David van sijne vyanden swaerlick vervolght ende beanghstight zijnde, bidt seer yverighlick om haestige verlossinge, ende om onderrichtinge in de wegen des Heeren, ende om het verderf sijner vyanden.
1 EEn Psalm Davids. O HEERE, hoort mijn gebedt, neyght de ooren tot mijne smeeckingen: verhoort my na uwe waerheyt, na uwe gerechtigheyt.
2 Ende en gaet niet in ’t gerichte met uwen knecht: want niemant die leeft sal voor u aengesichte rechtveerdigh zijn.
3 Want de vyant vervolght mijne ziele, hy vertreet mijn leven ter aerde, hy leght my in duysternissen, als de gene die over lange doot zijn.
4 Daerom wort mijn geest overstelpt in my, mijn herte is verbaest in’t midden van my.
5 Ick gedencke aen de dagen van oudts: ick overlegge alle uwe daden: ick spreke by my selven van de wercken uwer handen.
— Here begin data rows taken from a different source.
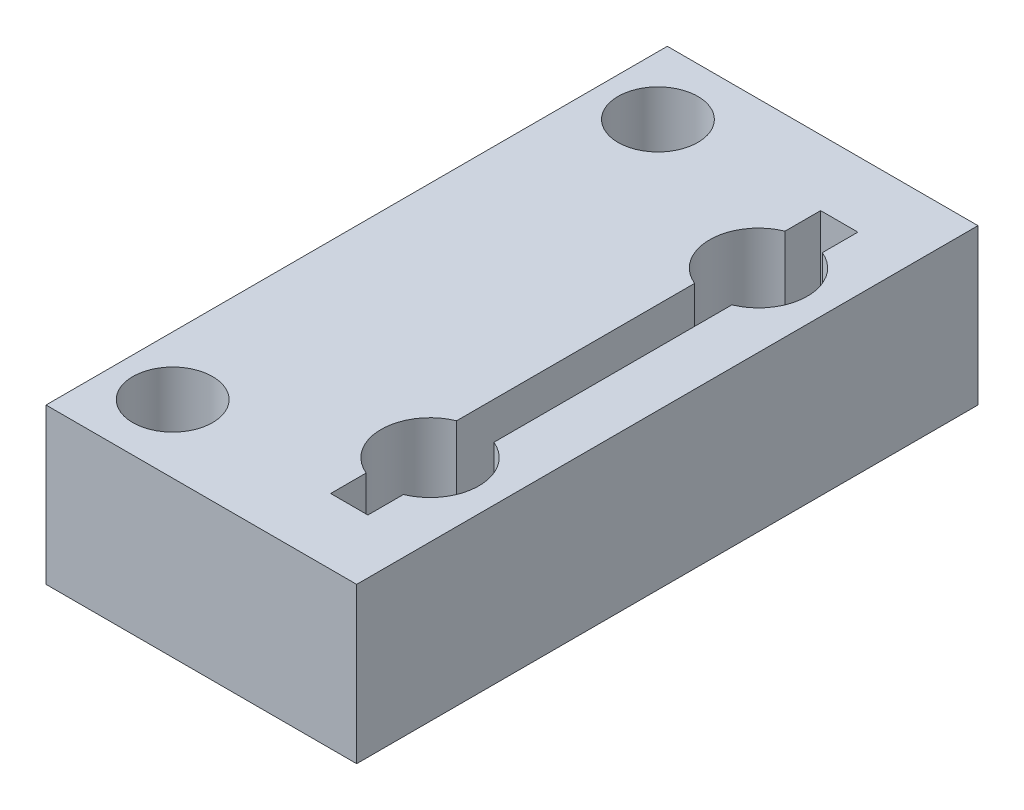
ISO-10303-21;
HEADER;
FILE_DESCRIPTION(('STEP AP214'),'2;1');
FILE_NAME('part.step','',(''),(''),'','','');
FILE_SCHEMA(('AUTOMOTIVE_DESIGN { 1 0 10303 214 1 1 1 1 }'));
ENDSEC;
DATA;
#1=APPLICATION_CONTEXT('core data for automotive mechanical design processes');
#2=APPLICATION_PROTOCOL_DEFINITION('international standard','automotive_design',2000,#1);
#3=PRODUCT_CONTEXT('',#1,'mechanical');
#4=PRODUCT('Part','Part','',(#3));
#5=PRODUCT_RELATED_PRODUCT_CATEGORY('part','',(#4));
#6=PRODUCT_DEFINITION_FORMATION('','',#4);
#7=PRODUCT_DEFINITION_CONTEXT('part definition',#1,'design');
#8=PRODUCT_DEFINITION('design','',#6,#7);
#9=PRODUCT_DEFINITION_SHAPE('','',#8);
#10=(LENGTH_UNIT() NAMED_UNIT(*) SI_UNIT(.MILLI.,.METRE.));
#11=(NAMED_UNIT(*) PLANE_ANGLE_UNIT() SI_UNIT($,.RADIAN.));
#12=(NAMED_UNIT(*) SI_UNIT($,.STERADIAN.) SOLID_ANGLE_UNIT());
#13=UNCERTAINTY_MEASURE_WITH_UNIT(LENGTH_MEASURE(1.E-05),#10,'distance_accuracy_value','');
#14=(GEOMETRIC_REPRESENTATION_CONTEXT(3) GLOBAL_UNCERTAINTY_ASSIGNED_CONTEXT((#13)) GLOBAL_UNIT_ASSIGNED_CONTEXT((#10,
#11,#12)) REPRESENTATION_CONTEXT('',''));
#15=CARTESIAN_POINT('',(0.,0.,0.));
#16=DIRECTION('',(0.,0.,1.));
#17=DIRECTION('',(1.,0.,0.));
#18=AXIS2_PLACEMENT_3D('',#15,#16,#17);
#19=CARTESIAN_POINT('',(-6.34999999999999,3.175,-12.7));
#20=DIRECTION('',(1.,0.,0.));
#21=DIRECTION('',(0.,0.,-1.));
#22=AXIS2_PLACEMENT_3D('',#19,#20,#21);
#23=PLANE('',#22);
#24=DIRECTION('',(0.,0.,1.));
#25=VECTOR('',#24,1.);
#26=CARTESIAN_POINT('',(-6.34999999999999,-3.175,-12.7));
#27=LINE('',#26,#25);
#28=CARTESIAN_POINT('',(-6.34999999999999,-3.175,-12.7));
#29=VERTEX_POINT('',#28);
#30=CARTESIAN_POINT('',(-6.35,-3.175,12.7));
#31=VERTEX_POINT('',#30);
#32=EDGE_CURVE('E229',#29,#31,#27,.T.);
#33=ORIENTED_EDGE('',*,*,#32,.T.);
#34=DIRECTION('',(0.,-1.,0.));
#35=VECTOR('',#34,1.);
#36=CARTESIAN_POINT('',(-6.35,3.175,12.7));
#37=LINE('',#36,#35);
#38=CARTESIAN_POINT('',(-6.35,3.175,12.7));
#39=VERTEX_POINT('',#38);
#40=EDGE_CURVE('E11',#39,#31,#37,.T.);
#41=ORIENTED_EDGE('',*,*,#40,.F.);
#42=DIRECTION('',(0.,0.,1.));
#43=VECTOR('',#42,1.);
#44=CARTESIAN_POINT('',(-6.34999999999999,3.175,-12.7));
#45=LINE('',#44,#43);
#46=CARTESIAN_POINT('',(-6.34999999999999,3.175,-12.7));
#47=VERTEX_POINT('',#46);
#48=EDGE_CURVE('E249',#47,#39,#45,.T.);
#49=ORIENTED_EDGE('',*,*,#48,.F.);
#50=DIRECTION('',(0.,-1.,0.));
#51=VECTOR('',#50,1.);
#52=CARTESIAN_POINT('',(-6.34999999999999,3.175,-12.7));
#53=LINE('',#52,#51);
#54=EDGE_CURVE('E259',#47,#29,#53,.T.);
#55=ORIENTED_EDGE('',*,*,#54,.T.);
#56=EDGE_LOOP('',(#33,#41,#49,#55));
#57=FACE_BOUND('',#56,.T.);
#58=ADVANCED_FACE('F33',(#57),#23,.F.);
#59=CARTESIAN_POINT('',(-6.35,3.175,12.7));
#60=DIRECTION('',(0.,0.,-1.));
#61=DIRECTION('',(-1.,0.,0.));
#62=AXIS2_PLACEMENT_3D('',#59,#60,#61);
#63=PLANE('',#62);
#64=DIRECTION('',(1.,0.,0.));
#65=VECTOR('',#64,1.);
#66=CARTESIAN_POINT('',(-6.35,-3.175,12.7));
#67=LINE('',#66,#65);
#68=CARTESIAN_POINT('',(6.35,-3.175,12.7));
#69=VERTEX_POINT('',#68);
#70=EDGE_CURVE('E262',#31,#69,#67,.T.);
#71=ORIENTED_EDGE('',*,*,#70,.T.);
#72=DIRECTION('',(0.,-1.,0.));
#73=VECTOR('',#72,1.);
#74=CARTESIAN_POINT('',(6.35,3.175,12.7));
#75=LINE('',#74,#73);
#76=CARTESIAN_POINT('',(6.35,3.175,12.7));
#77=VERTEX_POINT('',#76);
#78=EDGE_CURVE('E40',#77,#69,#75,.T.);
#79=ORIENTED_EDGE('',*,*,#78,.F.);
#80=DIRECTION('',(1.,0.,0.));
#81=VECTOR('',#80,1.);
#82=CARTESIAN_POINT('',(-6.35,3.175,12.7));
#83=LINE('',#82,#81);
#84=EDGE_CURVE('E252',#39,#77,#83,.T.);
#85=ORIENTED_EDGE('',*,*,#84,.F.);
#86=ORIENTED_EDGE('',*,*,#40,.T.);
#87=EDGE_LOOP('',(#71,#79,#85,#86));
#88=FACE_BOUND('',#87,.T.);
#89=ADVANCED_FACE('F290',(#88),#63,.F.);
#90=CARTESIAN_POINT('',(6.35,3.175,-12.7));
#91=DIRECTION('',(-1.,0.,0.));
#92=DIRECTION('',(0.,0.,1.));
#93=AXIS2_PLACEMENT_3D('',#90,#91,#92);
#94=PLANE('',#93);
#95=DIRECTION('',(0.,0.,-1.));
#96=VECTOR('',#95,1.);
#97=CARTESIAN_POINT('',(6.35,-3.175,-12.7));
#98=LINE('',#97,#96);
#99=CARTESIAN_POINT('',(6.35,-3.175,-12.7));
#100=VERTEX_POINT('',#99);
#101=EDGE_CURVE('E264',#69,#100,#98,.T.);
#102=ORIENTED_EDGE('',*,*,#101,.T.);
#103=DIRECTION('',(0.,-1.,0.));
#104=VECTOR('',#103,1.);
#105=CARTESIAN_POINT('',(6.35,3.175,-12.7));
#106=LINE('',#105,#104);
#107=CARTESIAN_POINT('',(6.35,3.175,-12.7));
#108=VERTEX_POINT('',#107);
#109=EDGE_CURVE('E269',#108,#100,#106,.T.);
#110=ORIENTED_EDGE('',*,*,#109,.F.);
#111=DIRECTION('',(0.,0.,-1.));
#112=VECTOR('',#111,1.);
#113=CARTESIAN_POINT('',(6.35,3.175,-12.7));
#114=LINE('',#113,#112);
#115=EDGE_CURVE('E255',#77,#108,#114,.T.);
#116=ORIENTED_EDGE('',*,*,#115,.F.);
#117=ORIENTED_EDGE('',*,*,#78,.T.);
#118=EDGE_LOOP('',(#102,#110,#116,#117));
#119=FACE_BOUND('',#118,.T.);
#120=ADVANCED_FACE('F276',(#119),#94,.F.);
#121=CARTESIAN_POINT('',(-6.34999999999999,3.175,-12.7));
#122=DIRECTION('',(0.,0.,1.));
#123=DIRECTION('',(1.,0.,0.));
#124=AXIS2_PLACEMENT_3D('',#121,#122,#123);
#125=PLANE('',#124);
#126=DIRECTION('',(-1.,0.,0.));
#127=VECTOR('',#126,1.);
#128=CARTESIAN_POINT('',(-6.34999999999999,-3.175,-12.7));
#129=LINE('',#128,#127);
#130=EDGE_CURVE('E253',#100,#29,#129,.T.);
#131=ORIENTED_EDGE('',*,*,#130,.T.);
#132=ORIENTED_EDGE('',*,*,#54,.F.);
#133=DIRECTION('',(-1.,0.,0.));
#134=VECTOR('',#133,1.);
#135=CARTESIAN_POINT('',(-6.34999999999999,3.175,-12.7));
#136=LINE('',#135,#134);
#137=EDGE_CURVE('E257',#108,#47,#136,.T.);
#138=ORIENTED_EDGE('',*,*,#137,.F.);
#139=ORIENTED_EDGE('',*,*,#109,.T.);
#140=EDGE_LOOP('',(#131,#132,#138,#139));
#141=FACE_BOUND('',#140,.T.);
#142=ADVANCED_FACE('F283',(#141),#125,.F.);
#143=CARTESIAN_POINT('',(-6.35,3.175,12.7));
#144=DIRECTION('',(0.,1.,0.));
#145=DIRECTION('',(0.,0.,1.));
#146=AXIS2_PLACEMENT_3D('',#143,#144,#145);
#147=PLANE('',#146);
#148=CARTESIAN_POINT('',(-3.95230419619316,3.175,9.9187));
#149=DIRECTION('',(0.,1.,0.));
#150=DIRECTION('',(0.,0.,1.));
#151=AXIS2_PLACEMENT_3D('',#148,#149,#150);
#152=CIRCLE('',#151,1.63194999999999);
#153=CARTESIAN_POINT('',(-3.95230419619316,3.175,11.55065));
#154=VERTEX_POINT('',#153);
#155=EDGE_CURVE('E364',#154,#154,#152,.T.);
#156=ORIENTED_EDGE('',*,*,#155,.F.);
#157=EDGE_LOOP('',(#156));
#158=FACE_BOUND('',#157,.T.);
#159=CARTESIAN_POINT('',(-3.95230419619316,3.175,-9.9187));
#160=DIRECTION('',(0.,1.,0.));
#161=DIRECTION('',(0.,0.,1.));
#162=AXIS2_PLACEMENT_3D('',#159,#160,#161);
#163=CIRCLE('',#162,1.63194999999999);
#164=CARTESIAN_POINT('',(-3.95230419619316,3.175,-8.28675000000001));
#165=VERTEX_POINT('',#164);
#166=EDGE_CURVE('E170',#165,#165,#163,.T.);
#167=ORIENTED_EDGE('',*,*,#166,.F.);
#168=EDGE_LOOP('',(#167));
#169=FACE_BOUND('',#168,.T.);
#170=CARTESIAN_POINT('',(3.36289580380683,3.175,6.71322));
#171=DIRECTION('',(0.,1.,0.));
#172=DIRECTION('',(0.,0.,1.));
#173=AXIS2_PLACEMENT_3D('',#170,#171,#172);
#174=CIRCLE('',#173,2.);
#175=CARTESIAN_POINT('',(4.12489580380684,3.175,8.56237007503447));
#176=VERTEX_POINT('',#175);
#177=CARTESIAN_POINT('',(4.12489580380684,3.175,4.86406992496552));
#178=VERTEX_POINT('',#177);
#179=EDGE_CURVE('E47',#176,#178,#174,.T.);
#180=ORIENTED_EDGE('',*,*,#179,.F.);
#181=DIRECTION('',(0.,0.,-1.));
#182=VECTOR('',#181,1.);
#183=CARTESIAN_POINT('',(4.12489580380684,3.175,10.01522));
#184=LINE('',#183,#182);
#185=CARTESIAN_POINT('',(4.12489580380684,3.175,10.01522));
#186=VERTEX_POINT('',#185);
#187=EDGE_CURVE('E164',#186,#176,#184,.T.);
#188=ORIENTED_EDGE('',*,*,#187,.F.);
#189=DIRECTION('',(1.,0.,0.));
#190=VECTOR('',#189,1.);
#191=CARTESIAN_POINT('',(4.12489580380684,3.175,10.01522));
#192=LINE('',#191,#190);
#193=CARTESIAN_POINT('',(2.60089580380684,3.175,10.01522));
#194=VERTEX_POINT('',#193);
#195=EDGE_CURVE('E167',#194,#186,#192,.T.);
#196=ORIENTED_EDGE('',*,*,#195,.F.);
#197=DIRECTION('',(0.,0.,1.));
#198=VECTOR('',#197,1.);
#199=CARTESIAN_POINT('',(2.60089580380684,3.175,10.01522));
#200=LINE('',#199,#198);
#201=CARTESIAN_POINT('',(2.60089580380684,3.175,8.56237007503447));
#202=VERTEX_POINT('',#201);
#203=EDGE_CURVE('E222',#202,#194,#200,.T.);
#204=ORIENTED_EDGE('',*,*,#203,.F.);
#205=CARTESIAN_POINT('',(3.36289580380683,3.175,6.71322));
#206=DIRECTION('',(0.,1.,0.));
#207=DIRECTION('',(0.,0.,1.));
#208=AXIS2_PLACEMENT_3D('',#205,#206,#207);
#209=CIRCLE('',#208,2.);
#210=CARTESIAN_POINT('',(2.60089580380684,3.175,4.86406992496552));
#211=VERTEX_POINT('',#210);
#212=EDGE_CURVE('E219',#211,#202,#209,.T.);
#213=ORIENTED_EDGE('',*,*,#212,.F.);
#214=DIRECTION('',(0.,0.,1.));
#215=VECTOR('',#214,1.);
#216=CARTESIAN_POINT('',(2.60089580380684,3.175,4.86406992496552));
#217=LINE('',#216,#215);
#218=CARTESIAN_POINT('',(2.60089580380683,3.175,-4.86406992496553));
#219=VERTEX_POINT('',#218);
#220=EDGE_CURVE('E216',#219,#211,#217,.T.);
#221=ORIENTED_EDGE('',*,*,#220,.F.);
#222=CARTESIAN_POINT('',(3.36289580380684,3.175,-6.71322));
#223=DIRECTION('',(0.,1.,0.));
#224=DIRECTION('',(0.,0.,1.));
#225=AXIS2_PLACEMENT_3D('',#222,#223,#224);
#226=CIRCLE('',#225,2.);
#227=CARTESIAN_POINT('',(2.60089580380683,3.175,-8.56237007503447));
#228=VERTEX_POINT('',#227);
#229=EDGE_CURVE('E213',#228,#219,#226,.T.);
#230=ORIENTED_EDGE('',*,*,#229,.F.);
#231=DIRECTION('',(0.,0.,1.));
#232=VECTOR('',#231,1.);
#233=CARTESIAN_POINT('',(2.60089580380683,3.175,-8.56237007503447));
#234=LINE('',#233,#232);
#235=CARTESIAN_POINT('',(2.60089580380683,3.175,-10.01522));
#236=VERTEX_POINT('',#235);
#237=EDGE_CURVE('E210',#236,#228,#234,.T.);
#238=ORIENTED_EDGE('',*,*,#237,.F.);
#239=DIRECTION('',(-1.,0.,0.));
#240=VECTOR('',#239,1.);
#241=CARTESIAN_POINT('',(4.12489580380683,3.175,-10.01522));
#242=LINE('',#241,#240);
#243=CARTESIAN_POINT('',(4.12489580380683,3.175,-10.01522));
#244=VERTEX_POINT('',#243);
#245=EDGE_CURVE('E207',#244,#236,#242,.T.);
#246=ORIENTED_EDGE('',*,*,#245,.F.);
#247=DIRECTION('',(0.,0.,-1.));
#248=VECTOR('',#247,1.);
#249=CARTESIAN_POINT('',(4.12489580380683,3.175,-8.56237007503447));
#250=LINE('',#249,#248);
#251=CARTESIAN_POINT('',(4.12489580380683,3.175,-8.56237007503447));
#252=VERTEX_POINT('',#251);
#253=EDGE_CURVE('E204',#252,#244,#250,.T.);
#254=ORIENTED_EDGE('',*,*,#253,.F.);
#255=CARTESIAN_POINT('',(3.36289580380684,3.175,-6.71322));
#256=DIRECTION('',(0.,1.,0.));
#257=DIRECTION('',(0.,0.,1.));
#258=AXIS2_PLACEMENT_3D('',#255,#256,#257);
#259=CIRCLE('',#258,2.);
#260=CARTESIAN_POINT('',(4.12489580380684,3.175,-4.86406992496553));
#261=VERTEX_POINT('',#260);
#262=EDGE_CURVE('E201',#261,#252,#259,.T.);
#263=ORIENTED_EDGE('',*,*,#262,.F.);
#264=DIRECTION('',(0.,0.,-1.));
#265=VECTOR('',#264,1.);
#266=CARTESIAN_POINT('',(4.12489580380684,3.175,4.86406992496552));
#267=LINE('',#266,#265);
#268=EDGE_CURVE('E199',#178,#261,#267,.T.);
#269=ORIENTED_EDGE('',*,*,#268,.F.);
#270=EDGE_LOOP('',(#180,#188,#196,#204,#213,#221,#230,#238,#246,#254,#263,#269));
#271=FACE_BOUND('',#270,.T.);
#272=ORIENTED_EDGE('',*,*,#48,.T.);
#273=ORIENTED_EDGE('',*,*,#84,.T.);
#274=ORIENTED_EDGE('',*,*,#115,.T.);
#275=ORIENTED_EDGE('',*,*,#137,.T.);
#276=EDGE_LOOP('',(#272,#273,#274,#275));
#277=FACE_BOUND('',#276,.T.);
#278=ADVANCED_FACE('F289',(#158,#169,#271,#277),#147,.T.);
#279=CARTESIAN_POINT('',(-6.35,-3.175,12.7));
#280=DIRECTION('',(0.,1.,0.));
#281=DIRECTION('',(0.,0.,1.));
#282=AXIS2_PLACEMENT_3D('',#279,#280,#281);
#283=PLANE('',#282);
#284=CARTESIAN_POINT('',(-3.95230419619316,-3.175,9.9187));
#285=DIRECTION('',(0.,1.,0.));
#286=DIRECTION('',(0.,0.,1.));
#287=AXIS2_PLACEMENT_3D('',#284,#285,#286);
#288=CIRCLE('',#287,1.63195);
#289=CARTESIAN_POINT('',(-3.95230419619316,-3.175,11.55065));
#290=VERTEX_POINT('',#289);
#291=EDGE_CURVE('E361',#290,#290,#288,.T.);
#292=ORIENTED_EDGE('',*,*,#291,.T.);
#293=EDGE_LOOP('',(#292));
#294=FACE_BOUND('',#293,.T.);
#295=CARTESIAN_POINT('',(-3.95230419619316,-3.175,-9.9187));
#296=DIRECTION('',(0.,1.,0.));
#297=DIRECTION('',(0.,0.,1.));
#298=AXIS2_PLACEMENT_3D('',#295,#296,#297);
#299=CIRCLE('',#298,1.63195);
#300=CARTESIAN_POINT('',(-3.95230419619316,-3.175,-8.28675));
#301=VERTEX_POINT('',#300);
#302=EDGE_CURVE('E365',#301,#301,#299,.T.);
#303=ORIENTED_EDGE('',*,*,#302,.T.);
#304=EDGE_LOOP('',(#303));
#305=FACE_BOUND('',#304,.T.);
#306=DIRECTION('',(0.,0.,-1.));
#307=VECTOR('',#306,1.);
#308=CARTESIAN_POINT('',(4.12489580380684,-3.175,10.01522));
#309=LINE('',#308,#307);
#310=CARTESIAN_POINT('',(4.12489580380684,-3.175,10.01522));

6 Ick breyde mijne handen uyt tot u: mijne ziele is voor u, als een dorstigh lant, Sela!
7 Verhoort my haestelick HEERE, mijn geest beswijckt: en verberght u aengesichte niet van my: want ick soude gelijck worden den genen die in den kuyl dalen.
8 Doet my uwe goedertierenheyt in den morgenstont hooren, want ick betrouwe op u: maeckt my bekent den wegh dien ick te gaen hebbe, want ick heffe mijne ziele tot u op.
9 Reddet my, HEERE, van mijne vyanden: by u schuyle ick.
10 Leert my u welbehagen doen, want ghy zijt mijn Godt: Uw’ goede Geest geleyde my in een effen lant.
11 O HEERE, maeckt my levendigh, om uwes naems wille: voert mijne ziele uyt de benauwtheyt, om uwe gerechtigheyt.
12 Ende roeyt mijne vyanden uyt, om uwe goedertierenheyt, ende brenghtse omme, alle die mijne ziele beanghstigen: want ick ben uw’ knecht.
Gebed om haastige verlossing van de vijanden
1 EEN psalm van David.
O HEERE, hoor mijn gebed, neig de oren tot mijn smekingen; verhoor mij naar Uw waarheid, naar Uw gerechtigheid.
2 En ga niet in het gericht met Uw knecht; want niemand, die leeft, zal voor Uw aangezicht rechtvaardig zijn.
3 Want de vijand vervolgt mijn ziel, hij vertreedt mijn leven ter aarde; hij legt mij in duisternissen, als degenen, die over lang dood zijn.
4 Daarom wordt mijn geest overstelpt in mij, mijn hart is verbaasd in het midden van mij.
5 Ik gedenk aan de dagen van ouds; ik overleg al Uw daden; ik spreek bij mijzelven van de werken Uwer handen.
6 Ik breid mijn handen uit tot U; mijn ziel is voor U als een dorstig land. Sela!
7 Verhoor mij haastelijk, HEERE, mijn geest bezwijkt; verberg Uw aangezicht niet van mij, want ik zou gelijk worden dengenen, die in den kuil dalen.
8 Doe mij Uw goedertierenheid in den morgenstond horen, want ik betrouw op U; maak mij bekend den weg, dien ik te gaan heb, want ik hef mijn ziel tot U op.
9 Red mij, HEERE, van mijn vijanden; bij U schuil ik.
10 Leer mij Uw welbehagen doen, want Gij zijt mijn God; Uw goede Geest geleide mij in een effen land.
11 O HEERE, maak mij levend, om Uws Naams wil; voer mijn ziel uit de benauwdheid, om Uw gerechtigheid.
12 En roei mijn vijanden uit, om Uw goedertierenheid, en breng hen om, allen, die mijn ziel beangstigen; want ik ben Uw knecht.